Ketika ditanya apakah para pemimpin politik seharusnya bersikap
terbuka terhadap keyakinan agama mereka, Uskup B esar tersebut menjawab:
"Saya rasa hal itu tidak akan menyakiti siapapun. Saya rasa, hal itu
seolah mengatakan, Inilah sumber motivasi saya, saya berkecimpung dalam
kancah politik karena inilah yang saya yakini.
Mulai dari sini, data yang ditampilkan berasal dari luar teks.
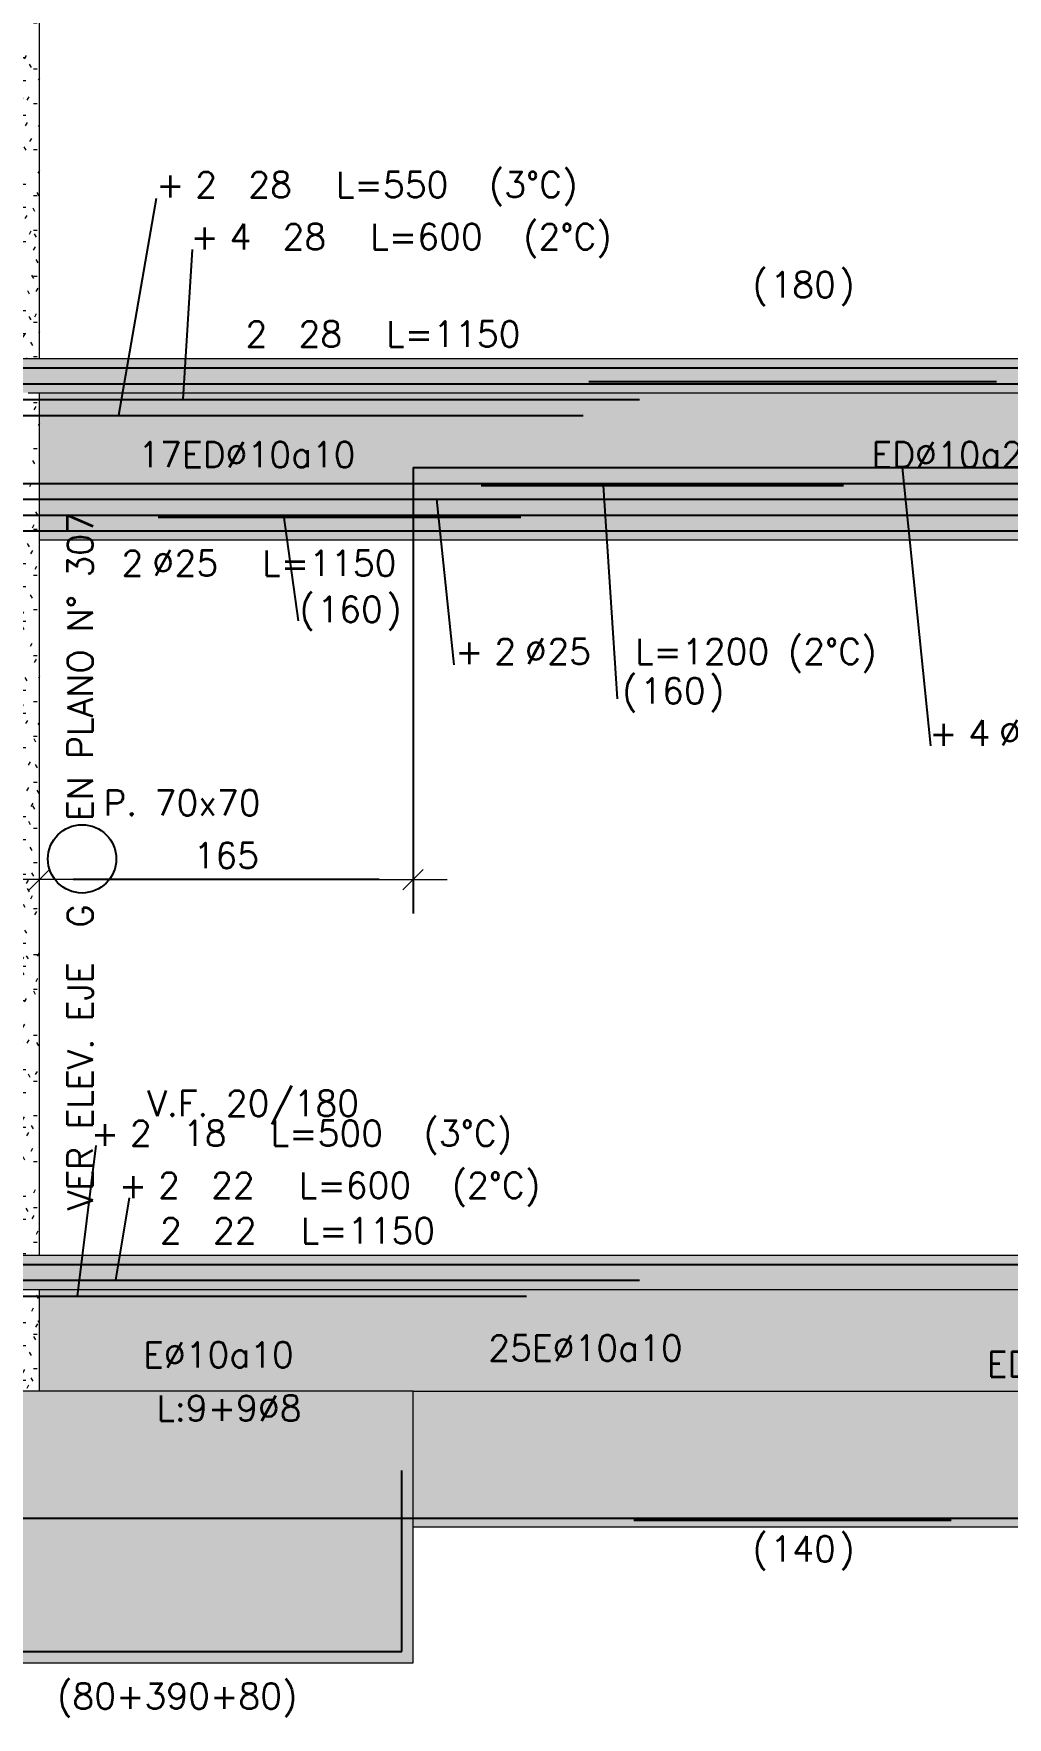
# Model space of a CAD drawing. Extents: x -3544 to 11711, y -11366 to 8565.
# Drawn here: x 2419 to 2849, y 1627 to 2371 of the extents above; entities that cross this region are included whole.
import ezdxf
from ezdxf.enums import TextEntityAlignment as Align

# ---------------------------------------------------------------- set-up
doc = ezdxf.new("R2010")
doc.units = 0
doc.header["$LTSCALE"] = 30
doc.header["$MEASUREMENT"] = 0
doc.linetypes.add('EJE2$0$RLE-PROYECCION', pattern=[0.71438, 0.47625, -0.23813])
doc.layers.get('0').update_dxf_attribs({"linetype": 'CONTINUOUS'})
doc.layers.add('EJE2$0$RLA-ACHURADO', color=30, linetype='EJE2$0$RLE-PROYECCION', lineweight=15, transparency=0.7)
for name, color, linetype, lineweight in [('EJE2$0$RLA-CONTORNO', 30, 'CONTINUOUS', 15), ('EJE2$0$RLA-COTAS', 7, 'CONTINUOUS', 9), ('EJE2$0$RLA-TEXTOS-1', 9, 'CONTINUOUS', 9)]:
    doc.layers.add(name, color=color, linetype=linetype, lineweight=lineweight)
doc.layers.add('EJE2$0$RLA-FE', color=7, linetype='CONTINUOUS')
doc.layers.add('EJE2$0$RLA-TEXTOS-FE', color=9, linetype='CONTINUOUS')
doc.styles.add('EJE2$0$RomanS', font='romans.shx', dxfattribs={"height": 11.25})
doc.dimstyles.new('EJE2$0$ING-50', dxfattribs={"dimscale": 50, "dimtxt": 0.27, "dimasz": 0.3, "dimexe": 0, "dimexo": 0, "dimgap": 0.1, "dimtad": 1, "dimdec": 1, "dimzin": 12, "dimdsep": 46, "dimtxsty": 'EJE2$0$RomanS', "dimblk": 'EJE2$0$TICK1', "dimblk1": 'EJE2$0$TICK1', "dimblk2": 'EJE2$0$TICK1', "dimcen": 0.09, "dimclrd": 2, "dimclre": 1, "dimclrt": 3, "dimadec": 0, "dimazin": 0, "dimtfac": 1, "dimtdec": 0, "dimtix": 1, "dimtmove": 2, "dimatfit": 3, "dimldrblk": 'EJE2$0$TICK1', "dimfxl": 0, "dimfxlon": 1, "dimtolj": 1, "dimtzin": 0, "dimarcsym": 0})
pattern_1 = [(0, (-1898.762, -1266.802), (20.32, 5.08), [1.676, -13.564, 1.676, -13.564, -81.28]), (0, (-1898.762, -1266.802), (20.32, 5.08), [-30.48, 1.676, -28.804, 1.676, -13.564, -35.56]), (0, (-1898.762, -1266.802), (20.32, 5.08), [-76.2, 1.676, -8.484, 1.676, -23.724]), (120, (-1891.142, -1264.262), (-14.559409, 15.057636), [1.676, -13.564, 1.676, -13.564, -81.28]), (120, (-1891.142, -1264.262), (-14.559409, 15.057636), [-30.48, 1.676, -28.804, 1.676, -13.564, -35.56]), (120, (-1891.142, -1264.262), (-14.559409, 15.057636), [-76.2, 1.676, -8.484, 1.676, -23.724]), (240, (-1888.602, -1254.102), (-5.760591, -20.137636), [1.676, -13.564, 1.676, -13.564, -81.28]), (240, (-1888.602, -1254.102), (-5.760591, -20.137636), [-30.48, 1.676, -28.804, 1.676, -13.564, -35.56]), (240, (-1888.602, -1254.102), (-5.760591, -20.137636), [-76.2, 1.676, -8.484, 1.676, -23.724])]

# ---------------------------------------------------------------- blocks, each defined once
blk = doc.blocks.new('*U201')
at = {"layer": 'EJE2$0$RLA-FE'}
blk.add_line((0, 0), (1068.21, 0), dxfattribs=at)
at = {"layer": 'EJE2$0$RLA-FE', "color": 3, "style": 'EJE2$0$RomanS', "flags": 8}
for tag, p in [('F=', (613.74, 9.32)), ('NUM', (628.15, 9.32))]:
    blk.add_attdef(tag, text='', height=11.25, dxfattribs=at).set_placement(p, align=Align.RIGHT)
at = {"layer": 'EJE2$0$RLA-FE', "color": 3, "style": 'EJE2$0$RomanS'}
for tag, p, flags in [('PHI', (632.04, 9.54), 14), ('DIAM', (641.9, 9.32), 12), ('MINUS', (663.92, 9.32), 13), ('MARK', (677.31, 9.32), 13), ('TEXTO_FE1', (680.61, 9.32), 8), ('TEXTO_FE2', (748.13, 9.34), 8), ('TIPO', (573.8, -75.78), 13), ('NVECES', (559.93, -94.72), 13), ('NUMFE', (563.86, -114.48), 13), ('CAPA', (572.06, -133.6), 13), ('DESPLAZA', (278.34, -151.59), 13), ('ESPACIO', (284.39, -169.95), 13), ('CANT', (298.23, -188.75), 13)]:
    blk.add_attdef(tag, p, '', height=11.25, dxfattribs=dict(at, flags=flags))
blk = doc.blocks.new('*U200')
at = {"layer": 'EJE2$0$RLA-FE'}
for p, q in [((0, 0), (1068.21, 0)), ((1068.21, 0), (1118.21, 0)), ((1118.21, 0), (1150, 0)), ((1150, 0), (1150, 0))]:
    blk.add_line(p, q, dxfattribs=at)
at = {"layer": 'EJE2$0$RLA-FE', "color": 3, "style": 'EJE2$0$RomanS', "flags": 8}
for tag, p in [('F=', (471.52, 36.32)), ('NUM', (485.93, 36.32))]:
    blk.add_attdef(tag, text='', height=11.25, dxfattribs=at).set_placement(p, align=Align.RIGHT)
at = {"layer": 'EJE2$0$RLA-FE', "color": 3, "style": 'EJE2$0$RomanS'}
for tag, p, flags in [('PHI', (489.83, 36.54), 14), ('DIAM', (499.68, 36.32), 12), ('MINUS', (521.7, 36.32), 13), ('MARK', (535.09, 36.32), 13), ('TEXTO_FE1', (538.39, 36.32), 8), ('TEXTO_FE2', (605.92, 36.34), 8), ('TIPO', (573.8, -75.78), 13), ('NVECES', (559.93, -94.72), 13), ('NUMFE', (563.86, -114.48), 13), ('CAPA', (572.06, -133.6), 13), ('DESPLAZA', (278.34, -151.59), 13), ('ESPACIO', (284.39, -169.95), 13), ('CANT', (298.23, -188.75), 13)]:
    blk.add_attdef(tag, p, '', height=11.25, dxfattribs=dict(at, flags=flags))
blk = doc.blocks.new('*U44')
at = {"layer": 'EJE2$0$RLA-FE'}
for q in [(0, 0), (1118.21, 0)]:
    blk.add_line((0, 0), q, dxfattribs=at)
at = {"layer": 'EJE2$0$RLA-FE', "color": 3, "style": 'EJE2$0$RomanS', "flags": 8}
for tag, p in [('F=', (508.44, 36.32)), ('NUM', (522.85, 36.32))]:
    blk.add_attdef(tag, text='', height=11.25, dxfattribs=at).set_placement(p, align=Align.RIGHT)
at = {"layer": 'EJE2$0$RLA-FE', "color": 3, "style": 'EJE2$0$RomanS'}
for tag, p, flags in [('PHI', (526.74, 36.54), 14), ('DIAM', (536.6, 36.32), 12), ('MINUS', (558.62, 36.32), 13), ('MARK', (572.01, 36.32), 13), ('TEXTO_FE1', (575.31, 36.32), 8), ('TEXTO_FE2', (642.83, 36.34), 8), ('TIPO', (598.8, -75.78), 13), ('NVECES', (584.93, -94.72), 13), ('NUMFE', (588.86, -114.48), 13), ('CAPA', (597.06, -133.6), 13), ('DESPLAZA', (278.34, -151.59), 13), ('ESPACIO', (284.39, -169.95), 13), ('CANT', (298.23, -188.75), 13)]:
    blk.add_attdef(tag, p, '', height=11.25, dxfattribs=dict(at, flags=flags))
blk = doc.blocks.new('*U42')
at = {"layer": 'EJE2$0$RLA-FE', "color": 6}
blk.add_line((0, 1), (180, 1), dxfattribs=at)
at = {"layer": 'EJE2$0$RLA-FE', "color": 3, "style": 'EJE2$0$RomanS', "flags": 8}
for tag, p in [('(', (75.66, 38.14)), ('EMP', (94.68, 38.14)), (')', (113.99, 38.14))]:
    blk.add_attdef(tag, text='', height=11.25, dxfattribs=at).set_placement(p, align=Align.CENTER)
blk = doc.blocks.new('*U202')
at = {"layer": 'EJE2$0$RLA-FE'}
for p, q in [((0, 0), (0, 0)), ((0, 0), (518.21, 0)), ((518.21, 0), (568.21, 0)), ((568.21, 0), (600, 0)), ((600, 0), (600, 0))]:
    blk.add_line(p, q, dxfattribs=at)
at = {"layer": 'EJE2$0$RLA-FE', "color": 3, "style": 'EJE2$0$RomanS', "flags": 8}
for tag, p in [('F=', (414.21, 66.32)), ('NUM', (428.62, 66.32))]:
    blk.add_attdef(tag, text='', height=11.25, dxfattribs=at).set_placement(p, align=Align.RIGHT)
at = {"layer": 'EJE2$0$RLA-FE', "color": 3, "style": 'EJE2$0$RomanS'}
for tag, p, flags in [('PHI', (432.51, 66.54), 14), ('DIAM', (442.37, 66.32), 12), ('MINUS', (464.39, 66.32), 13), ('MARK', (477.78, 66.32), 13), ('TEXTO_FE1', (481.08, 66.32), 8), ('TEXTO_FE2', (548.6, 66.34), 8), ('TIPO', (298.8, -75.78), 13), ('NVECES', (284.93, -94.72), 13), ('NUMFE', (288.86, -114.48), 13), ('CAPA', (297.06, -133.6), 13), ('DESPLAZA', (278.34, -151.59), 13), ('ESPACIO', (284.39, -169.95), 13), ('CANT', (298.23, -188.75), 13)]:
    blk.add_attdef(tag, p, '', height=11.25, dxfattribs=dict(at, flags=flags))
blk = doc.blocks.new('*U203')
at = {"layer": 'EJE2$0$RLA-FE'}
for p, q in [((0, 0), (0, 0)), ((0, 0), (468.21, 0)), ((468.21, 0), (518.21, 0)), ((518.21, 0), (550, 0)), ((550, 0), (550, 0))]:
    blk.add_line(p, q, dxfattribs=at)
at = {"layer": 'EJE2$0$RLA-FE', "color": 3, "style": 'EJE2$0$RomanS', "flags": 8}
for tag, p in [('F=', (374.07, 96.32)), ('NUM', (388.48, 96.32))]:
    blk.add_attdef(tag, text='', height=11.25, dxfattribs=at).set_placement(p, align=Align.RIGHT)
at = {"layer": 'EJE2$0$RLA-FE', "color": 3, "style": 'EJE2$0$RomanS'}
for tag, p, flags in [('PHI', (392.37, 96.54), 14), ('DIAM', (402.23, 96.32), 12), ('MINUS', (424.24, 96.32), 13), ('MARK', (437.64, 96.32), 13), ('TEXTO_FE1', (440.94, 96.32), 8), ('TEXTO_FE2', (508.46, 96.34), 8), ('TIPO', (273.8, -75.78), 13), ('NVECES', (259.93, -94.72), 13), ('NUMFE', (263.86, -114.48), 13), ('CAPA', (272.06, -133.6), 13), ('DESPLAZA', (278.34, -151.59), 13), ('ESPACIO', (284.39, -169.95), 13), ('CANT', (298.23, -188.75), 13)]:
    blk.add_attdef(tag, p, '', height=11.25, dxfattribs=dict(at, flags=flags))
blk = doc.blocks.new('*U186')
at = {"layer": 'EJE2$0$RLA-FE'}
blk.add_line((0, 0), (1068.21, 0), dxfattribs=at)
at = {"layer": 'EJE2$0$RLA-FE', "color": 3, "style": 'EJE2$0$RomanS', "flags": 8}
for tag, p in [('F=', (388.99, -19.89)), ('NUM', (403.4, -19.89))]:
    blk.add_attdef(tag, text='', height=11.25, dxfattribs=at).set_placement(p, align=Align.RIGHT)
at = {"layer": 'EJE2$0$RLA-FE', "color": 3, "style": 'EJE2$0$RomanS'}
for tag, p, flags in [('PHI', (407.3, -19.68), 12), ('DIAM', (417.15, -19.89), 12), ('MINUS', (439.17, -19.89), 13), ('MARK', (452.56, -19.89), 13), ('TEXTO_FE1', (455.86, -19.89), 8), ('TEXTO_FE2', (523.39, -19.88), 8), ('TIPO', (573.8, -57.92), 13), ('NVECES', (559.93, -76.86), 13), ('NUMFE', (563.86, -96.62), 13), ('CAPA', (572.06, -115.74), 13), ('DESPLAZA', (277.18, -134.17), 13), ('ESPACIO', (283.22, -152.53), 13), ('CANT', (297.06, -171.33), 13)]:
    blk.add_attdef(tag, p, '', height=11.25, dxfattribs=dict(at, flags=flags))
blk = doc.blocks.new('*U60')
at = {"layer": 'EJE2$0$RLA-FE'}
for p, q in [((0, 0), (0, 0)), ((0, 0), (1068.21, 0)), ((1068.21, 0), (1118.21, 0)), ((1118.21, 0), (1150, 0)), ((1150, 0), (1150, 0))]:
    blk.add_line(p, q, dxfattribs=at)
at = {"layer": 'EJE2$0$RLA-FE', "color": 3, "style": 'EJE2$0$RomanS', "flags": 8}
for tag, p in [('F=', (483.44, -47.89)), ('NUM', (497.85, -47.89))]:
    blk.add_attdef(tag, text='', height=11.25, dxfattribs=at).set_placement(p, align=Align.RIGHT)
at = {"layer": 'EJE2$0$RLA-FE', "color": 3, "style": 'EJE2$0$RomanS'}
for tag, p, flags in [('PHI', (501.74, -47.68), 12), ('DIAM', (511.6, -47.89), 12), ('MINUS', (533.62, -47.89), 13), ('MARK', (547.01, -47.89), 13), ('TEXTO_FE1', (550.31, -47.89), 8), ('TEXTO_FE2', (617.83, -47.88), 8), ('TIPO', (573.8, -57.92), 13), ('NVECES', (559.93, -76.86), 13), ('NUMFE', (563.86, -96.62), 13), ('CAPA', (572.06, -115.74), 13), ('DESPLAZA', (277.18, -134.17), 13), ('ESPACIO', (283.22, -152.53), 13), ('CANT', (297.06, -171.33), 13)]:
    blk.add_attdef(tag, p, '', height=11.25, dxfattribs=dict(at, flags=flags))
blk = doc.blocks.new('*U62')
at = {"layer": 'EJE2$0$RLA-FE', "color": 6}
blk.add_line((0, -1), (160, -1), dxfattribs=at)
at = {"layer": 'EJE2$0$RLA-FE', "color": 3, "style": 'EJE2$0$RomanS', "flags": 8}
for tag, p in [('(', (65.66, -47.26)), ('EMP', (84.68, -47.26)), (')', (103.99, -47.26))]:
    blk.add_attdef(tag, text='', height=11.25, dxfattribs=at).set_placement(p, align=Align.CENTER)
blk = doc.blocks.new('*U187')
at = {"layer": 'EJE2$0$RLA-FE'}
blk.add_line((0, 0), (1118.21, 0), dxfattribs=at)
at = {"layer": 'EJE2$0$RLA-FE', "color": 3, "style": 'EJE2$0$RomanS'}
for tag, p, flags in [('TIPO', (598.8, -57.92), 13), ('PHI', (509.38, -72.68), 12), ('DIAM', (519.24, -72.89), 12), ('MINUS', (541.26, -72.89), 13), ('MARK', (554.65, -72.89), 13), ('TEXTO_FE1', (557.95, -72.89), 8), ('NVECES', (584.93, -76.86), 13), ('TEXTO_FE2', (625.47, -72.88), 8), ('NUMFE', (588.86, -96.62), 13), ('CAPA', (597.06, -115.74), 13), ('DESPLAZA', (277.18, -134.17), 13), ('ESPACIO', (283.22, -152.53), 13), ('CANT', (297.06, -171.33), 13)]:
    blk.add_attdef(tag, p, '', height=11.25, dxfattribs=dict(at, flags=flags))
at = {"layer": 'EJE2$0$RLA-FE', "color": 3, "style": 'EJE2$0$RomanS', "flags": 8}
for tag, p in [('F=', (491.08, -72.89)), ('NUM', (505.49, -72.89))]:
    blk.add_attdef(tag, text='', height=11.25, dxfattribs=at).set_placement(p, align=Align.RIGHT)
blk = doc.blocks.new('*U185')
at = {"layer": 'EJE2$0$RLA-FE'}
for p, q in [((0, 0), (1118.21, 0)), ((1118.21, 0), (1168.21, 0)), ((1168.21, 0), (1200, 0)), ((1200, 0), (1200, 0))]:
    blk.add_line(p, q, dxfattribs=at)
at = {"layer": 'EJE2$0$RLA-FE', "color": 3, "style": 'EJE2$0$RomanS'}
for tag, p, flags in [('TIPO', (598.8, -57.92), 13), ('NVECES', (584.93, -76.86), 13), ('PHI', (485.19, -97.68), 12), ('DIAM', (495.05, -97.89), 12), ('MINUS', (517.07, -97.89), 13), ('MARK', (530.46, -97.89), 13), ('TEXTO_FE1', (533.76, -97.89), 8), ('NUMFE', (588.86, -96.62), 13), ('TEXTO_FE2', (601.28, -97.88), 8), ('CAPA', (597.06, -115.74), 13), ('DESPLAZA', (277.18, -134.17), 13), ('ESPACIO', (283.22, -152.53), 13), ('CANT', (297.06, -171.33), 13)]:
    blk.add_attdef(tag, p, '', height=11.25, dxfattribs=dict(at, flags=flags))
at = {"layer": 'EJE2$0$RLA-FE', "color": 3, "style": 'EJE2$0$RomanS', "flags": 8}
for tag, p in [('F=', (466.89, -97.89)), ('NUM', (481.3, -97.89))]:
    blk.add_attdef(tag, text='', height=11.25, dxfattribs=at).set_placement(p, align=Align.RIGHT)
blk = doc.blocks.new('*U189')
at = {"layer": 'EJE2$0$RLA-FE'}
for q in [(0, 0), (1068.21, 0)]:
    blk.add_line((0, 0), q, dxfattribs=at)
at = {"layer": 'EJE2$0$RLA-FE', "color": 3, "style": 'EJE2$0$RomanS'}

Dan pendirian religius
termasuk di dalamnya."
Meskipun ada pengaruh dari Gereja Inggris dan posisinya sebagai agama
yang berposisi mapan di negara tersebut, dalam beberapa tahun terakhir,
ada klaim yang berulang-ulang dilontarkan yang menuding Partai Buruh
telah berupaya menjauhkan keyakinan dari ranah publik.
Rasa takut terhadap semakin banyaknya tindak kekerasan membuat
pemerintah mengucurka lebih dari £50 juta dalam proyek-proyek yang
ditujukan untuk mencegah radikalisasi di dalam tempat-tempat ibadah.
Uskup Besar tersebut mengklaim bahwa pemerintah Inggris hanya
memandang agama sebagai masalah didukung oleh Pendeta Stephen Lowe,
mantan Uskup Urban Life. Dia berkata: "Agama dipandang sebagai masalah
karena hubungan antara gerakan radikal Islam dan terorisme yang telah
menodai seluruh agama."
"Yang tampaknya terlupakan adalah kontribusi agama dalam berbagai
kegiatan sosial. Cukup jelas bahwa di dalam tubuh pemerintahan dan
partai oposisi, ada orang-orang yang memiliki keyakinan. Masalahnya, ada
hubungan antara hal yang mereka pandang sebagai keyakinan pribadi
diperbolehkan untuk meminggirkan pentingnya kontribusi komunitas
keagamaan terhadap kehidupan di negara ini."
Dalam wawancara tersebut, Uskup Besar itu mengajukan sebuah "ombudsman supermarket" untuk melindungi ekonomi pedesaan Inggris
Bagai mana menurut anda...................?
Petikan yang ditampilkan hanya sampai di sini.